Она опять задумалась и стала ожесточенно грызть платок, изорвав его зубами в клочья. Но вдруг, очнувшись, резко повернула голову к сидевшей у окна компаньонке.
– Велите подать обед в мою комнату. И скажите Амброзию, пусть немедленно отправит нарочного к Ицеку Зельмановичу… чтобы Ицек через час был здесь! Накормите брата! У нас, – обратилась она к Павлу, – не обессудьте, сегодня затируха! А ко мне не входите, пока не позвоню.
С этими словами она вскочила и, даже не кивнув Павлу, мелкими шажками пересекла гостиную и скрылась в соседней комнате. Ее лиловый кринолин шуршал, сверкал и колыхался на ходу, бусы звякали на худой шее, а оранжевое перышко лихорадочно тряслось на макушке.
Леокадия тотчас встала и, выпрямившись, пошла к двери – высокая, худая, с каменным лицом.
– Леося! – тихо окликнул ее Павел, вставая с кресла.
Но она, ничего не ответив и даже не обернувшись, вышла из комнаты.
Павел остановился у окна и вперил взгляд в пестрый узор на пяльцах.
– Боже мой! – прошептал он. – Бедная Леокадия! Сколько уж лет она вышивает под этим окном и слушает отвратительный писк старой карги! Бедная сестра!
Вернувшись в гостиную, Леокадия хотела снова сесть за работу, но Павел преградил ей дорогу и взял за руку, – узкая, смуглая, с длинными пальцами, она неподвижно, как неживая, лежала на его ладони.
– Ты совсем не рада моему приезду, – с горечью сказал Павел, – а ведь мы не виделись с тобой два года.
– Ну и что ж? – мягко, но безучастно возразила Леокадия. – Мы и раньше не виделись по нескольку лет. Я к этому привыкла.
– Ты, наверно, разлюбила меня!
Леокадия подняла на брата большие черные глаза и посмотрела на него с безразличным, отсутствующим видом.
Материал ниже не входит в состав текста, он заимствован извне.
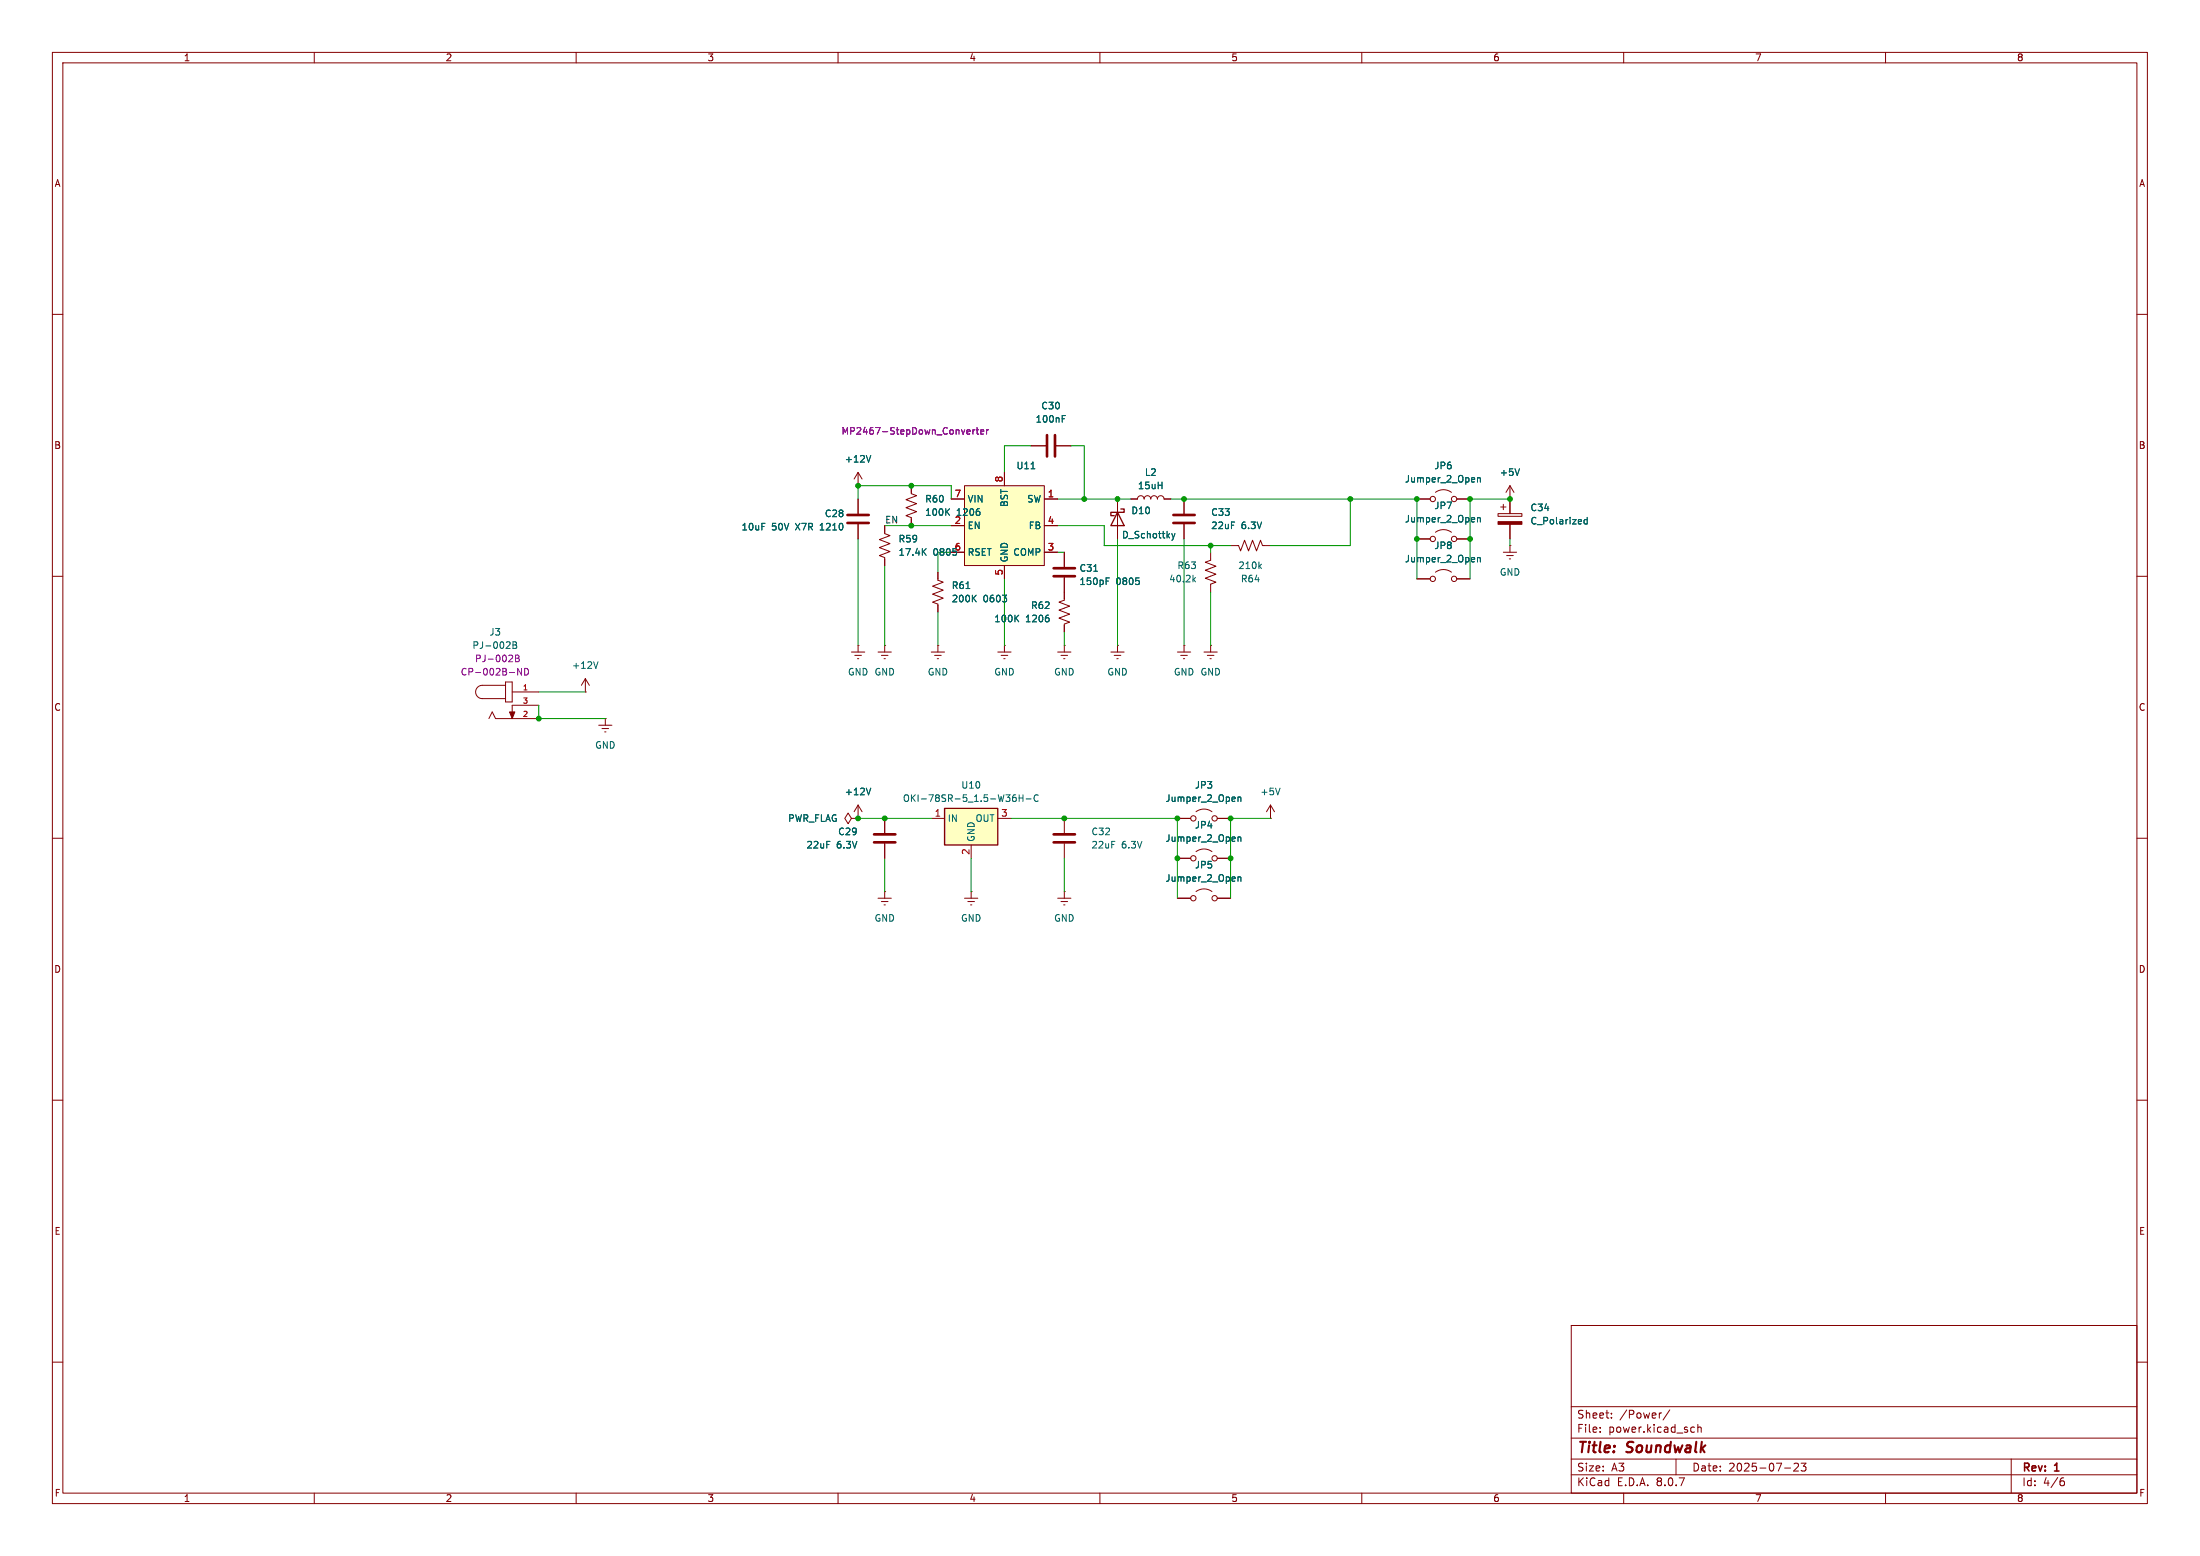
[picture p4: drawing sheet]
<svg xmlns="http://www.w3.org/2000/svg" width="297mm" height="210mm" viewBox="0 0 297 210" stroke-linecap="round" stroke-linejoin="round" font-family="sans-serif">
<g fill="none" stroke="#840000" stroke-width=".14">
<path d="M7.1 7.1h282.8v195.8h-282.8zM8.5 8.5h280v193h-280zM42.4 7.1v1.4M77.8 7.1v1.4M113.1 7.1v1.4M148.5 7.1v1.4M183.8 7.1v1.4M219.2 7.1v1.4M254.6 7.1v1.4M7.1 42.4h1.4M288.5 42.4h1.4M7.1 77.8h1.4"/>
<path d="M115.8 65.6h.1M115.8 63.8l-.5 .9M115.8 63.8v1.8M115.8 67.4v1.9M115.8 70.8v1.9M115.8 63.8l.6 .9M288.5 77.8h1.4M7.1 113.1h1.4M288.5 113.1h1.4M7.1 148.5h1.4M288.5 148.5h1.4M212.1 178.9h76.4v22.6h-76.4z"/>
<path d="M7.1 183.8h1.4M212.1 199h76.4M212.1 196.9h76.4M212.1 194.1h76.4M212.1 189.9h76.4M216 193.2v.1M216 192.7v.1M217.5 191.3v.1M217.5 190.7v.1M224.3 190.7h-.2M225.4 190.3l-.9 1.4M226.3 196.9v2.1"/>
<path d="M228.5 192.6l.3 .1M228.8 193.3h-.3M229.2 192.7l.2-.1 .2 .1 .1 .6M229.2 192.2v1.1M240.9 198.1h.8M242.2 197.6l.4-.1 .1 .1 .1 .2-.7 .7h.7M243.2 197.5h.6l-.3 .4 .3 .1v.4l-.2 .1-.4-.1M271.5 196.9v4.6M278.3 199.9h.3l.1 .2v.3l-.4 .1M278.6 199.5h-.3M288.5 183.8h1.4M42.4 201.5v1.4"/>
<path d="M77.8 201.5v1.4M113.1 201.5v1.4M148.5 201.5v1.4M183.8 201.5v1.4M219.2 201.5v1.4M254.6 201.5v1.4"/>
</g>
<path d="M117.6 61.5l-.3 .9" fill="none" stroke="#006464" stroke-width=".14"/>
<path d="M114.4 69.5h2.9M114.4 70.6h2.9" fill="none" stroke="#840000" stroke-width=".36"/>
<path d="M127.5 109.1h7.2v4.9h-7.2z" fill="#ffffc2"/>
<path d="M127.5 109.1h7.2v4.9h-7.2z" fill="none" stroke="#840000" stroke-width=".18"/>
<g fill="none" stroke="#840000" stroke-width=".14">
<path d="M126.6 77.2v1.1l.7 .3-1.4 .5 1.4 .6-1.4 .5 1.4 .5-1.4 .6 .7 .2v1.1M66 97l.5-.9 .4 .9h5.8M68.2 92.5h-3.1a.9 .9 0 0 0-.9 .9 .9 .9 0 0 0 .9 .9h3.1M68.2 92h.9v2.7h-.9zM69.1 93.4h3.6M72.7 95.2h-3.6v1.8M79 93.4h.1M79 91.6l-.5 .9M79 91.6v1.8M79 91.6l.6 .9M80.8 97.9h1.8M81.3 98.3h.9"/>
<path d="M81.6 98.8h.2M81.7 97h.1M81.7 97v.9M125.7 88h1.8M126.2 88.5h.9M126.5 88.9h.2M126.6 87.1h.1M126.6 87.1v.9M114.9 110.5l-.4-.8-.5 .8 .5 .7 .4-.7h.9M115.8 110.5h.1M115.8 108.7l-.5 .9M115.8 108.7v1.8"/>
<path d="M115.8 108.7l.6 .9M119.4 110.5v1.9M119.4 113.9v1.9M125.7 110.5h1.8M131.1 114v1.8M134.7 110.5h1.8M118.5 121.2h1.8M119 121.7h.9M119.3 122.1h.2M119.4 120.3h.1M119.4 120.3v.9M130.2 121.2h1.8"/>
<path d="M130.7 121.7h.9M131 122.1h.2M131.1 120.3h.1M131.1 120.3v.9"/>
</g>
<g fill="none" stroke="#006464" stroke-width=".14">
<path d="M130.4 79.4h.5M69.3 86.6h.3l.1 .2-.1 .2 .1 .1 .1 .2-.2 .2h-.3zM69.3 87h.3M80.7 89.3l-.3 .9M131.4 80.7l.4 .5M131.8 80.3l-.5 .5M135.3 80.3h.6l-.3 .4M135.8 80.8v.3M117.6 106.4l-.3 .9M137.1 107.3h-.2a.6 .6 0 0 0 0 .9l.3-.1v-.3l-.2-.2h-.1l-.2 .2M137.6 107.3v.9M137.6 107.7h.5"/>
<path d="M138.1 107.3v.9M138.5 107.8h.7M140.2 107.4a.43 .43 0 0 0-.6 .3 .43 .43 0 0 0 .4 .5l.2-.1"/>
</g>
<path d="M118 112.6h2.9M118 113.7h2.9" fill="none" stroke="#840000" stroke-width=".36"/>
<path d="M68.8 96.1h.7l-.4 .9z" fill="#840000" stroke="#840000" stroke-width=".14"/>
<path d="M69.6 88.4h.3l.2 .2-.2 .2 .2 .1v.2l-.2 .2h-.3zM69.6 88.8h.3M70.4 90.2v.9l-.5-.9v.9M70.8 90.2a.45 .45 0 0 1 .6 .5 .45 .45 0 0 1-.6 .4z" fill="none" stroke="#840084" stroke-width=".14"/>
<path d="M130.2 65.6h10.8v10.7h-10.8z" fill="#ffffc2"/>
<g fill="none" stroke="#840000" stroke-width=".14">
<path d="M115.8 65.6h.1M115.8 67.4v1.9M115.8 70.8v1.9M119.4 70.9v1.1l.8 .3-1.5 .5 1.5 .6-1.5 .5 1.5 .5-1.5 .6 .7 .3v1M123 65.6v1l.7 .3-1.4 .5 1.4 .6-1.4 .5 1.4 .6-1.4 .5 .7 .3v1M126.6 77.2v.9M128.4 67.4h1.8M128.4 70.9h1.8M128.4 74.5h1.8M130.2 65.6h10.8v10.7h-10.8zM135.6 63.8v1.8M135.6 76.3v1.8"/>
<path d="M139.2 60.2h2M141 67.4h1.8M141 70.9h1.8M141 74.5h1.8M142.6 60.2h2M143.7 77.9v3.1l-.7 .3 1.4 .5-1.4 .5 1.4 .6-1.4 .5 1.4 .6-.7 .2v1.1M143.7 74.5v2M150.9 67.4v5.3M152.7 67.4h.9a.45 .45 0 0 1 .4-.5 .45 .45 0 0 1 .5 .5 .45 .45 0 0 1 .4-.5 .45 .45 0 0 1 .5 .5 .45 .45 0 0 1 .4-.5 .45 .45 0 0 1 .5 .5 .45 .45 0 0 1 .4-.5 .45 .45 0 0 1 .5 .5h.8M159.8 67.4v1.9M159.8 70.8v1.9M163.4 74.5v1.1l-.7 .3 1.5 .5-1.5 .6 1.5 .5-1.5 .5 1.5 .6-.8 .2v1.1"/>
<path d="M166.1 73.6h1.1l.3 .8 .5-1.5 .6 1.5 .5-1.5 .5 1.5 .6-1.5 .2 .7h1.1M191.3 67.4h1.8M191.3 78.1h1.8M191.3 72.7h1.8M193.8 77.2a1.8 1.8 0 0 1 2.1 0M193.8 66.5a1.8 1.8 0 0 1 2.1 0M193.8 71.8a1.8 1.8 0 0 1 2.1 0M196.7 67.4h1.8M196.7 78.1h1.8M196.7 72.7h1.8M202.2 69.3h3.3v.4h-3.3zM202.6 68.4h.7"/>
<path d="M202.9 74.5h1.8M202.9 68.1v.7M203.4 75h.9M203.8 75.4h.1M203.8 73.6h.1M203.8 67.4h.1M203.8 65.6v3.7M203.8 70.8v1.9M203.8 73.6v.9M203.8 65.6l-.5 .9M203.8 65.6l.6 .9M114.9 88h1.8"/>
<path d="M115.4 88.5h.9M115.8 88.9h.1M115.8 87.1h.1M115.8 87.1v.9M118.5 88h1.8M119 88.5h.9M119.3 88.9h.2M119.4 87.1h.1M119.4 87.1v.9M126.6 81.7v.9M134.7 88h1.8M135.1 88.5h.9"/>
<path d="M135.5 88.9h.2M135.6 87.1h.1M135.6 87.1v.9M142.8 88h1.8M143.2 88.5h.9M143.6 88.9h.2M143.7 87.1h.1M143.7 87.1v.9M150 88h1.8M150.4 88.5h.9M150.8 88.9h.2M150.9 87.1h.1"/>
<path d="M150.9 87.1v.9M158.9 88h1.8M159.4 88.5h.9M159.8 88.9h.1M159.8 87.1h.1M159.8 87.1v.9M162.5 88h1.8M163 88.5h.9M163.3 88.9h.2M163.4 87.1h.1M163.4 87.1v.9M115.8 110.5h.1"/>
<path d="M119.4 110.5v1.9M119.4 113.9v1.9M143.7 110.5v1.9M143.7 113.9v1.9M158.9 115.8h1.8M158.9 110.5h1.8M161.5 114.9a1.8 1.8 0 0 1 2.1 0M161.5 109.6a1.8 1.8 0 0 1 2.1 0M164.3 115.8h1.8M164.3 110.5h1.8M171.5 110.5h.1M171.5 108.7l-.5 .9"/>
<path d="M171.5 108.7v1.8M171.5 108.7l.6 .9M142.8 121.2h1.8M143.2 121.7h.9M143.6 122.1h.2M143.7 120.3h.1M143.7 120.3v.9M158.9 121.2h1.8M161.5 120.3a1.8 1.8 0 0 1 2.1 0M164.3 121.2h1.8"/>
<circle cx="193.4" cy="78.1" r=".36"/>
<circle cx="193.4" cy="67.4" r=".36"/>
<circle cx="193.4" cy="72.7" r=".36"/>
<circle cx="196.3" cy="78.1" r=".36"/>
<circle cx="196.3" cy="67.4" r=".36"/>
<circle cx="196.3" cy="72.7" r=".36"/>
<circle cx="161.1" cy="110.5" r=".36"/>
<circle cx="161.1" cy="115.8" r=".36"/>
<circle cx="164" cy="110.5" r=".36"/>
<circle cx="164" cy="115.8" r=".36"/>
<circle cx="161.1" cy="121.2" r=".36"/>
<circle cx="164" cy="121.2" r=".36"/>
</g>
<g fill="none" stroke="#006464" stroke-width=".14">
<path d="M143.4 56.5h.3M143.4 56.1h.4M117.6 61.5l-.3 .9M124.6 74.4l.4 .5M125 74l-.5 .6M127.8 69l.4 .6M128.2 68.7l-.5 .5M129.1 74.8v.1M130.4 79.4h.5M132.3 69.1v.4M139.2 63.3h.5M147.7 77.1h.5"/>
<path d="M149.3 78.4h.3M149.3 78h.5M153.8 78.4v.4M158.2 72l.2 .6M158.4 72.6l-.2 .3M158.6 72l-.2 .6M161.1 78.2l.3 .3M161.4 77.9l-.4 .4M170 76.4l.3 .3M170.3 76.1l-.3 .4M199.5 64.5v.6M199.5 69.9v.6"/>
<path d="M199.5 75.2v.6M199.5 75.3l.1-.1 .2 .1v.5M199.5 64.6l.1-.1h.2v.6M199.5 69.9h.1h.2v.6M205.1 63.3l-.3 .9M214.3 69.8v.9M214.3 70.2l-.3-.1-.2 .2 .1 .4h.4M131.4 80.7l.4 .5M131.8 80.3l-.5 .5M135.3 80.3h.6l-.3 .4M135.8 80.8v.3M137.1 83.4l.4 .5"/>
<path d="M137.5 83l-.5 .5M141.6 83.5v.3M117.6 106.4l-.3 .9M167.1 107.6v.6M167.1 113v.6M167.1 118.3v.6M167.1 113h.2h.2v.6M167.1 107.7l.2-.1h.2v.6M167.1 118.4l.2-.1 .2 .1v.5M172.8 106.4l-.3 .9"/>
</g>
<path d="M131.3 58v.6M131.6 58l-.3 .2M131.8 58h.3M131.9 57.7v.8l.2 .1M132.4 58.3l.4-.1v-.2h-.3l-.1 .1v.5h.4M133.2 58v.6M133.4 58l-.2 .2" fill="none" stroke="#840084" stroke-width=".14"/>
<path d="M150.9 69.1l.9 1.8h-1.8zM151.3 68.7h.5v.4h-1.8v.5h.4" fill="none" stroke="#840000" stroke-width=".18"/>
<path d="M141.3 58.7v2.9M142.4 58.7v2.9M142.2 76.7h2.9M142.2 77.8h2.9M158.4 69.5h2.9M158.4 70.6h2.9M142.2 112.6h2.9M142.2 113.7h2.9" fill="none" stroke="#840000" stroke-width=".36"/>
<path d="M202.2 70.4h3.3v.4h-3.3z" fill="#840000" stroke="#840000" stroke-width=".14"/>
<g fill="none" stroke="#009600" stroke-width=".14">
<path d="M115.8 67.4v-1.8h12.6v1.8M115.8 72.7v14.4M119.4 70.9h9M119.4 76.3v10.8M126.6 74.5v2.7M135.6 78.1v9M139.2 60.2h-3.6v3.6M142.8 67.4h9.9M142.8 70.9h6.3v2.7h17M142.8 74.5h.9M144.6 60.2h1.8v7.2M150.9 72.7v14.4"/>
<path d="M158 67.4h33.3v10.7M159.8 72.7v14.4M163.4 73.6v.9M163.4 79.9v7.2M182.3 67.4v6.2h-10.8M203.8 67.4h-5.3v10.7M203.8 72.7v.9M72.7 95.2v1.8h9M72.7 93.4h6.3M126.6 82.6v4.5M143.7 85.3v1.8M115.8 110.5h9.9"/>
<path d="M119.4 115.8v4.5M131.1 115.8v4.5M136.5 110.5h22.4v10.7M143.7 115.8v4.5M171.5 110.5h-5.4v10.7"/>
</g>
<g fill="#009600" stroke="#009600" stroke-width=".14">
<circle cx="143.7" cy="110.5" r=".32"/>
<circle cx="158.9" cy="110.5" r=".32"/>
<circle cx="166.1" cy="115.8" r=".32"/>
<circle cx="158.9" cy="115.8" r=".32"/>
<circle cx="146.4" cy="67.4" r=".32"/>
<circle cx="166.1" cy="110.5" r=".32"/>
<circle cx="115.8" cy="65.6" r=".32"/>
<circle cx="123" cy="65.6" r=".32"/>
<circle cx="119.4" cy="110.5" r=".32"/>
<circle cx="115.8" cy="110.5" r=".32"/>
<circle cx="72.7" cy="97" r=".32"/>
<circle cx="123" cy="70.9" r=".32"/>
<circle cx="150.9" cy="67.4" r=".32"/>
<circle cx="159.8" cy="67.4" r=".32"/>
<circle cx="182.3" cy="67.4" r=".32"/>
<circle cx="198.5" cy="67.4" r=".32"/>
<circle cx="191.3" cy="72.7" r=".32"/>
<circle cx="191.3" cy="67.4" r=".32"/>
<circle cx="163.4" cy="73.6" r=".32"/>
<circle cx="198.5" cy="72.7" r=".32"/>
<circle cx="203.8" cy="67.4" r=".32"/>
</g>
<g font-size="2" fill="#840000">
<text x="212.8" y="196.5">Title:</text>
<text x="219.7" y="196.5">Soundwalk</text>
</g>
<g font-size="1.5" fill="#840000">
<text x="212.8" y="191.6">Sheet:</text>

– А ты? – спросила она равнодушно, и на ее бледных, красиво очерченных губах мелькнуло слабое подобие улыбки – мелькнуло и скрылось, и лицо опять приняло прежнее неподвижное, безучастное выражение…
– Я? – встрепенулся Павел. – Я по-прежнему люблю тебя, Леося. Я не забыл еще наше детство, которое мы провели в родительском доме.
– Да? – безразлично бросила Леокадия и, усевшись за пяльцы, стала разматывать клубок пестрой Шерсти.
– Ты не веришь мне, Леося?
– Я вообще ничему не верю.
– Да, видно, ты недаром столько лет прожила у генеральши, для которой нет ничего святого. Но в моей привязанности ты все равно не должна сомневаться!
Леокадия снова подняла свой безучастный, ничего не выражающий взгляд на брата.
– А почему?
– Как почему? – возмутился Павел. – Должна же ты знать, что я не бесчувственная деревяшка!